Das kann ich gerne machen, habe dafür den Threadname mal etwas abgeändert.


----------



## BarschAngler1991

*AW: Einschätzung Big-Game lbs-Rutenklassen*

Laut der Seite wäre für einen Waller die maximale Line Class 130 Lbs. D.h. extrem starke Ruten.

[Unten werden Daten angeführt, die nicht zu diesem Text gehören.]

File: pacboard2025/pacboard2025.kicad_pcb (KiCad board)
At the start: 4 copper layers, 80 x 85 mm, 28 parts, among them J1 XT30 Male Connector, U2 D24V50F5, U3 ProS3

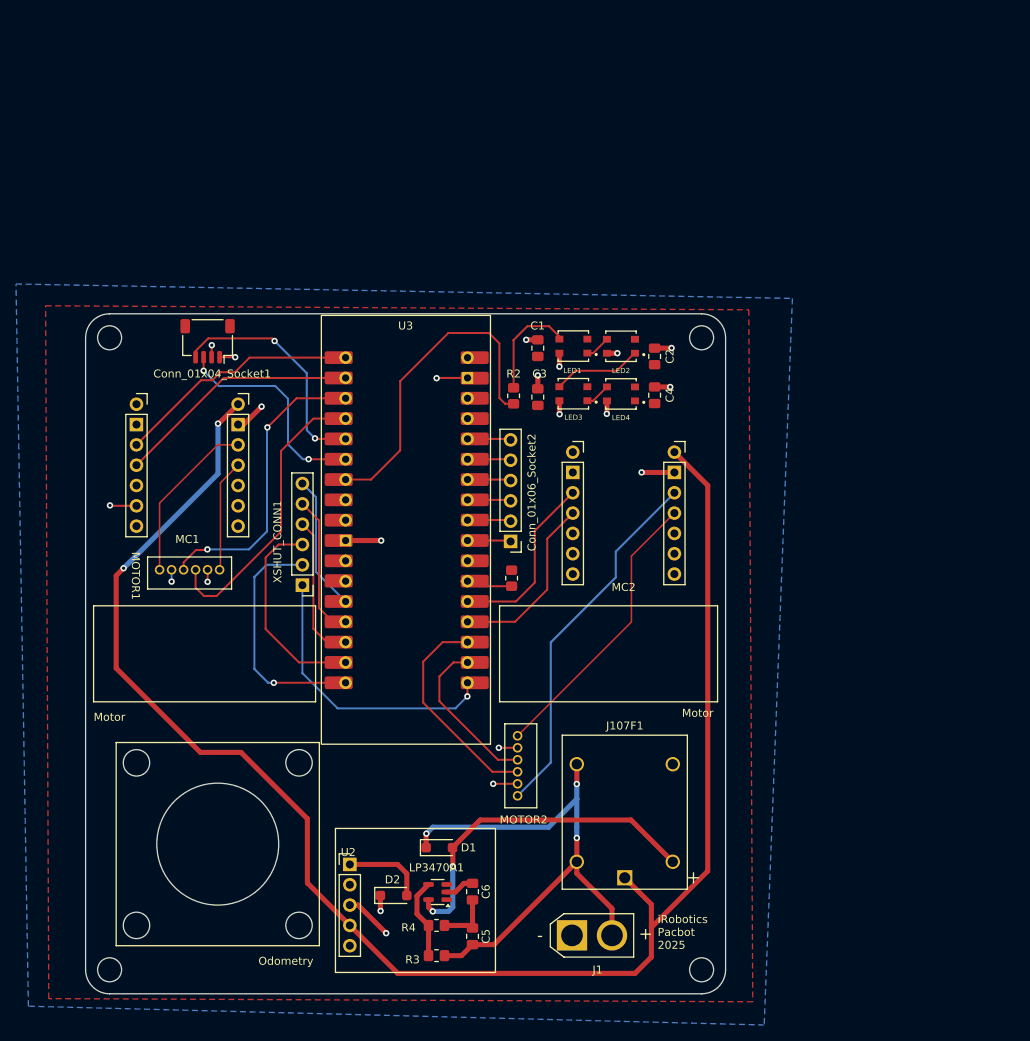
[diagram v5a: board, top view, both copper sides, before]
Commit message: added testpoints
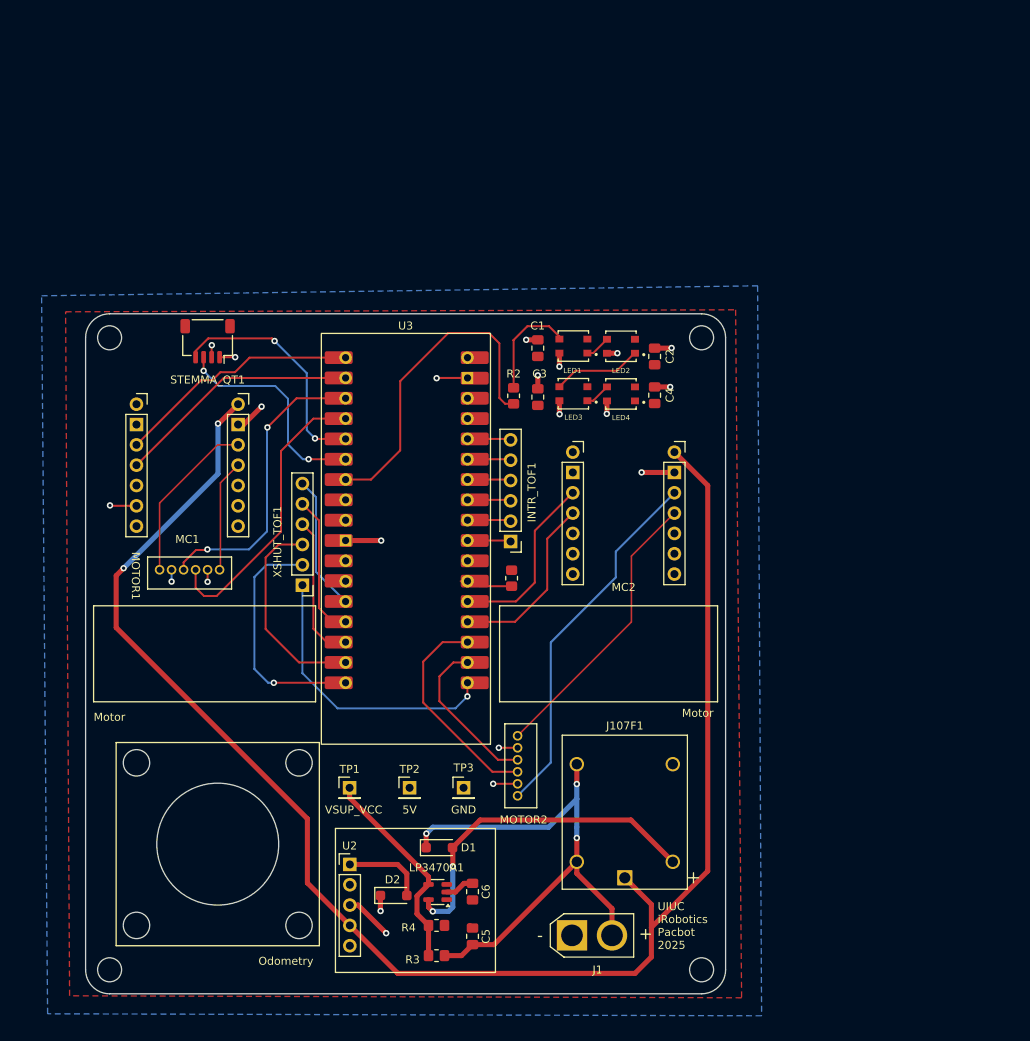
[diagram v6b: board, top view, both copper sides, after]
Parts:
- added TP1: VSUP_VCC, Connector_PinHeader_2.54mm:PinHeader_1x01_P2.54mm_Vertical, F.Cu at (113.0, 154.2)
- added TP2: 5V, Connector_PinHeader_2.54mm:PinHeader_1x01_P2.54mm_Vertical, F.Cu at (120.5, 154.2)
- added TP3: GND, Connector_PinHeader_2.54mm:PinHeader_1x01_P2.54mm_Vertical, F.Cu at (127.2, 154.2)
- INTR_TOF1: renamed from Conn_01x06_Socket2; value TOF_INTR_CONN -> Conn_01x06_Socket2
- renumbered Conn_01x04_Socket1 to STEMMA_QT1, XSHUT_CONN1 to XSHUT_TOF1
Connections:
- C5 pad 1: GNDREF -> /GND
- C6 pad 2: GNDREF -> /GND
- R4 pad 2: GNDREF -> /GND
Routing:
- net Net-(LP3470A1-VCC): track 10.1 -> 26.3 mm
- net GNDREF: track 7.15 -> 0.00 mm
- net /12V: track 202.9 -> 200.0 mm
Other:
- board text added: "5V"
- board text added: "GND"
- board text added: "UIUC iRobotics Pacbot 2025"
- board text added: "VSUP_VCC"
- board text removed: "iRobotics Pacbot 2025"

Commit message: some more changes
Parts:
- moved U2 46.2 mm to (144.6, 130.1)
- moved D1 46.2 mm to (156.0, 122.9)
- moved LED2 46.2 mm to (178.5, 65.3)
- moved MC2 46.2 mm to (178.8, 72.7)
- moved R1 46.2 mm to (164.8, 94.3)
- moved R4 46.2 mm to (155.4, 137.7)
- moved C2 46.2 mm to (182.7, 66.6)
- moved C4 46.2 mm to (182.7, 71.5)
- moved D2 46.2 mm to (150.2, 128.9)
- moved INTR_TOF1 46.2 mm to (164.7, 89.7)
- moved J107F1 46.2 mm to (178.9, 131.8)
- moved LED1 46.2 mm to (172.5, 65.3)
- moved LED3 46.2 mm to (172.5, 71.3)
- moved LED4 46.2 mm to (178.5, 71.3)
- moved LP3470A1 46.2 mm to (155.6, 133.6)
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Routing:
- net /LED_DATA: track 41.3 -> 37.8 mm
- net /1_PWM1: track 29.8 -> 30.7 mm
- net /XSHUT_TOF5: track 29.4 -> 28.6 mm
- net /XSHUT_TOF4: track 25.1 -> 24.3 mm
- net /GND: track 30.2 -> 30.8 mm, vias 8 -> 71
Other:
- board text added: "uh oh..."

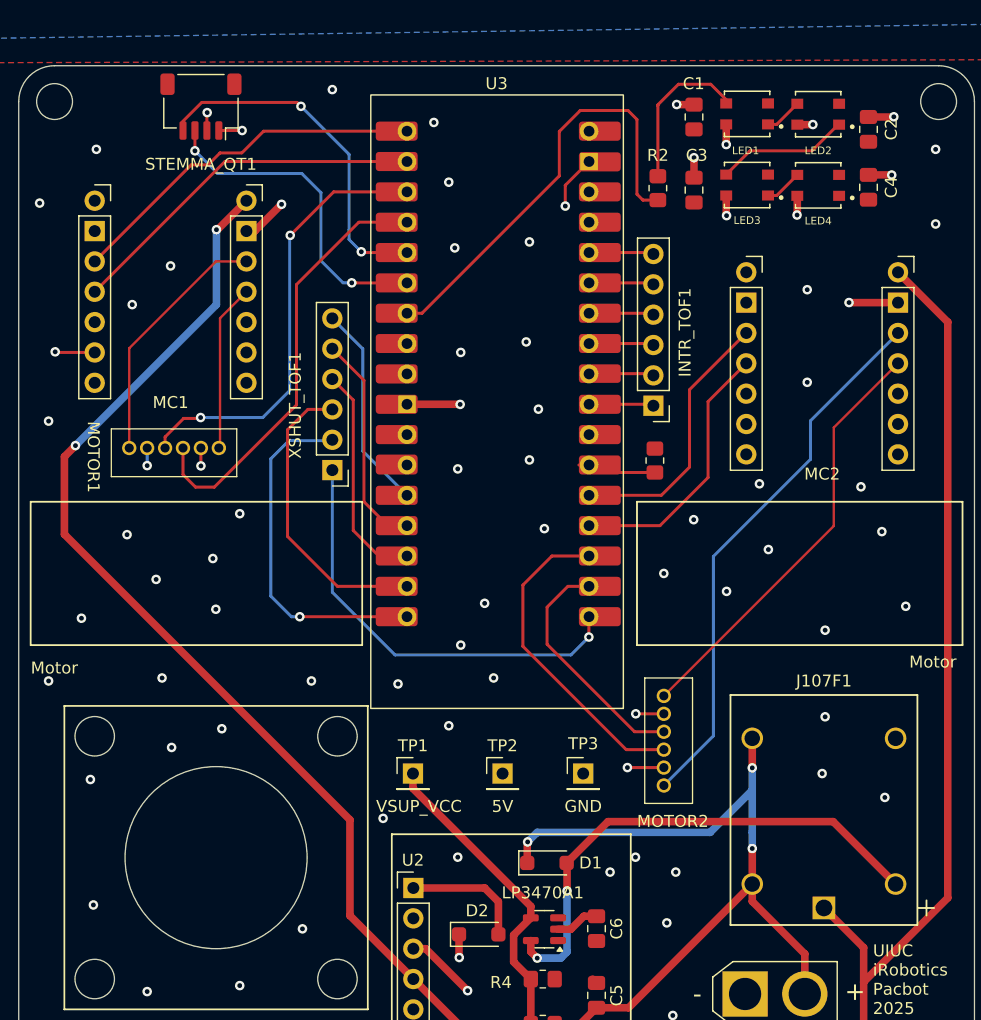
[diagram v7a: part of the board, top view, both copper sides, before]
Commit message: fixed neopixels, all ready to go?
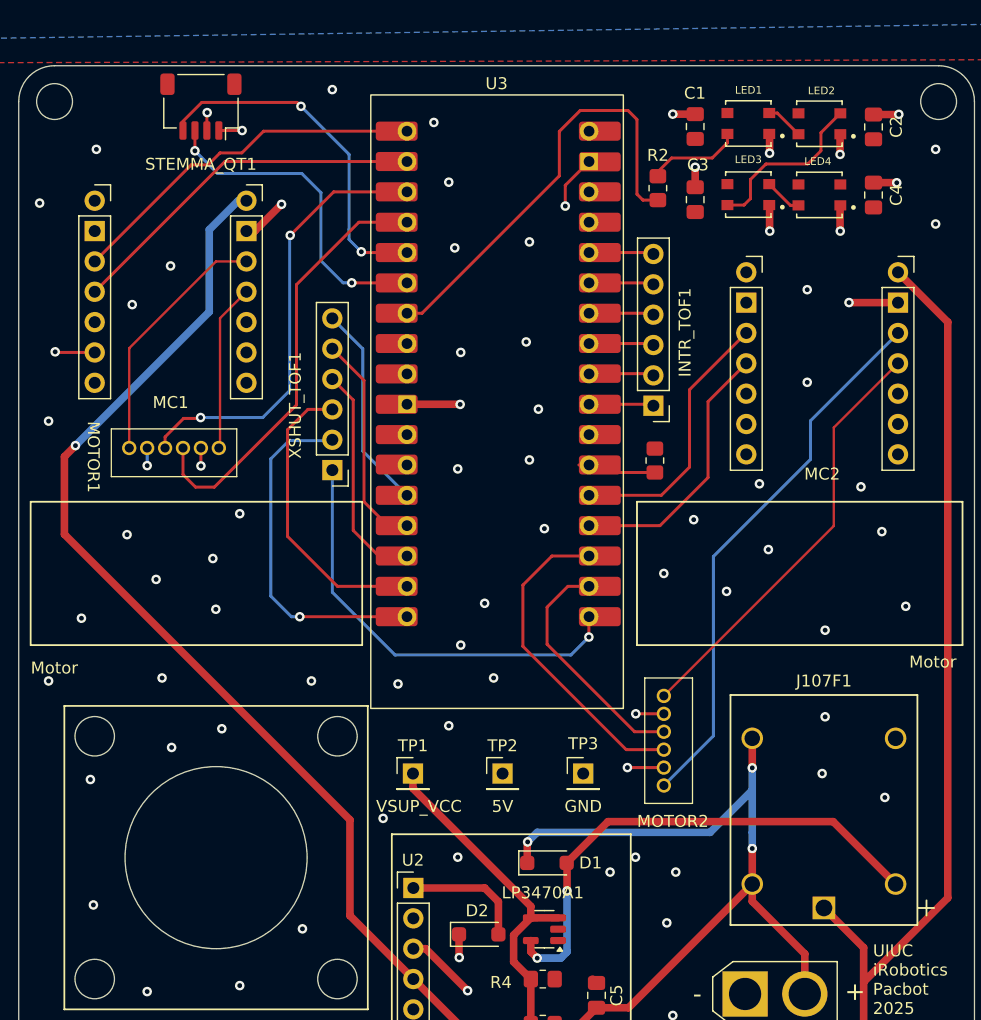
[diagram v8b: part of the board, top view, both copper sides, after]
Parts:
- removed C6: 0.1uF, Capacitor_SMD:C_0805_2012Metric_Pad1.18x1.45mm_HandSolder
- moved C1 0.81 mm to (168.2, 66.4)
- moved LED2 0.81 mm to (178.6, 66.1)
- moved C3 0.81 mm to (168.2, 72.5)
- moved LED1 0.81 mm to (172.6, 66.1)
- moved LED3 0.81 mm to (172.6, 72.1)
- moved LED4 0.81 mm to (178.6, 72.1)
- moved C4 0.77 mm to (183.1, 72.1)
- moved C2 0.47 mm to (183.1, 66.4)
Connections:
- LED1 pad 1: Net-(LED1-DOUT) -> /GND
- LED1 pad 2: /GND -> Net-(LED1-DIN)
- LED1 pad 3: Net-(LED1-DIN) -> /5V
- LED1 pad 4: /5V -> Net-(LED1-DOUT)
- LED2 pad 1: Net-(LED2-DOUT) -> /GND
- LED2 pad 2: /GND -> Net-(LED1-DOUT)
- LED2 pad 3: Net-(LED1-DOUT) -> /5V
- LED2 pad 4: /5V -> Net-(LED2-DOUT)
- LED3 pad 1: Net-(LED3-DOUT) -> /GND
- LED3 pad 2: /GND -> Net-(LED2-DOUT)
- LED3 pad 3: Net-(LED2-DOUT) -> /5V
- LED3 pad 4: /5V -> Net-(LED3-DOUT)
- LED4 pad 1: unconnected-(LED4-DOUT-Pad1) -> /GND
- LED4 pad 2: /GND -> Net-(LED3-DOUT)
- LED4 pad 3: Net-(LED3-DOUT) -> /5V
- LED4 pad 4: /5V -> unconnected-(LED4-DOUT-Pad4)
- LP3470A1 pad 2: Net-(LP3470A1-GND) -> /GND
- LP3470A1 pad 3: unconnected-(LP3470A1-VCC1-Pad3) -> Net-(LP3470A1-VCC)
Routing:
- net Net-(LED1-DIN): track 13.3 -> 7.94 mm
- net Net-(LP3470A1-GND): track 3.68 -> 0.00 mm
- net Net-(LED2-DOUT): track 11.2 -> 14.5 mm
- net Net-(LP3470A1-VCC): track 26.3 -> 28.5 mm
- net /5V: track 15.5 -> 17.1 mm
- net /12V: track 200.0 -> 200.3 mm, vias 2 -> 1

Was meint ihr wieviel LBS so eine -400gr Wallerrute hat? 30lbs? 50lbs? oder gar mehr?
Lg Chris


----------



## Seatrout

*AW: Einschätzung Big-Game lbs-Rutenklassen*

Ich hab das gerade mal getestet.
Also bei Rollen hab ich die 330 GTI getestet von penn.
also bremse dicht und mal an die waage.knappe 6 kilo.dann gibt sie schnur frei.
finde ich ganz schön schwach.
dann ne tica taurus 4000 is bei 4 kilo ende.
dann ne 25lbs rute nahmenhaftens herstellern.schaffen so alle etwa 15 kilo bei schöner biegung.


was denkt ihr darüber?

Gruß


----------



## Nordlichtangler

*AW: Einschätzung Big-Game lbs-Rutenklassen*



Seatrout schrieb:


> ...dann gibt sie schnur frei.
> finde ich ganz schön schwach.


In der Tat, bei Bremse dicht. |bigeyes |kopfkrat


----------



## Nordlichtangler

*AW: Einschätzung Big-Game lbs-Rutenklassen*



Marlin1 schrieb:


> Normalerweise werden die Bremsen der
> Multirollen auf 25 - 30 % der Angegebenen Schnurtragkraft eingestellt,
> das ist der Bereich in dem die Rute Aktion zeigen soll.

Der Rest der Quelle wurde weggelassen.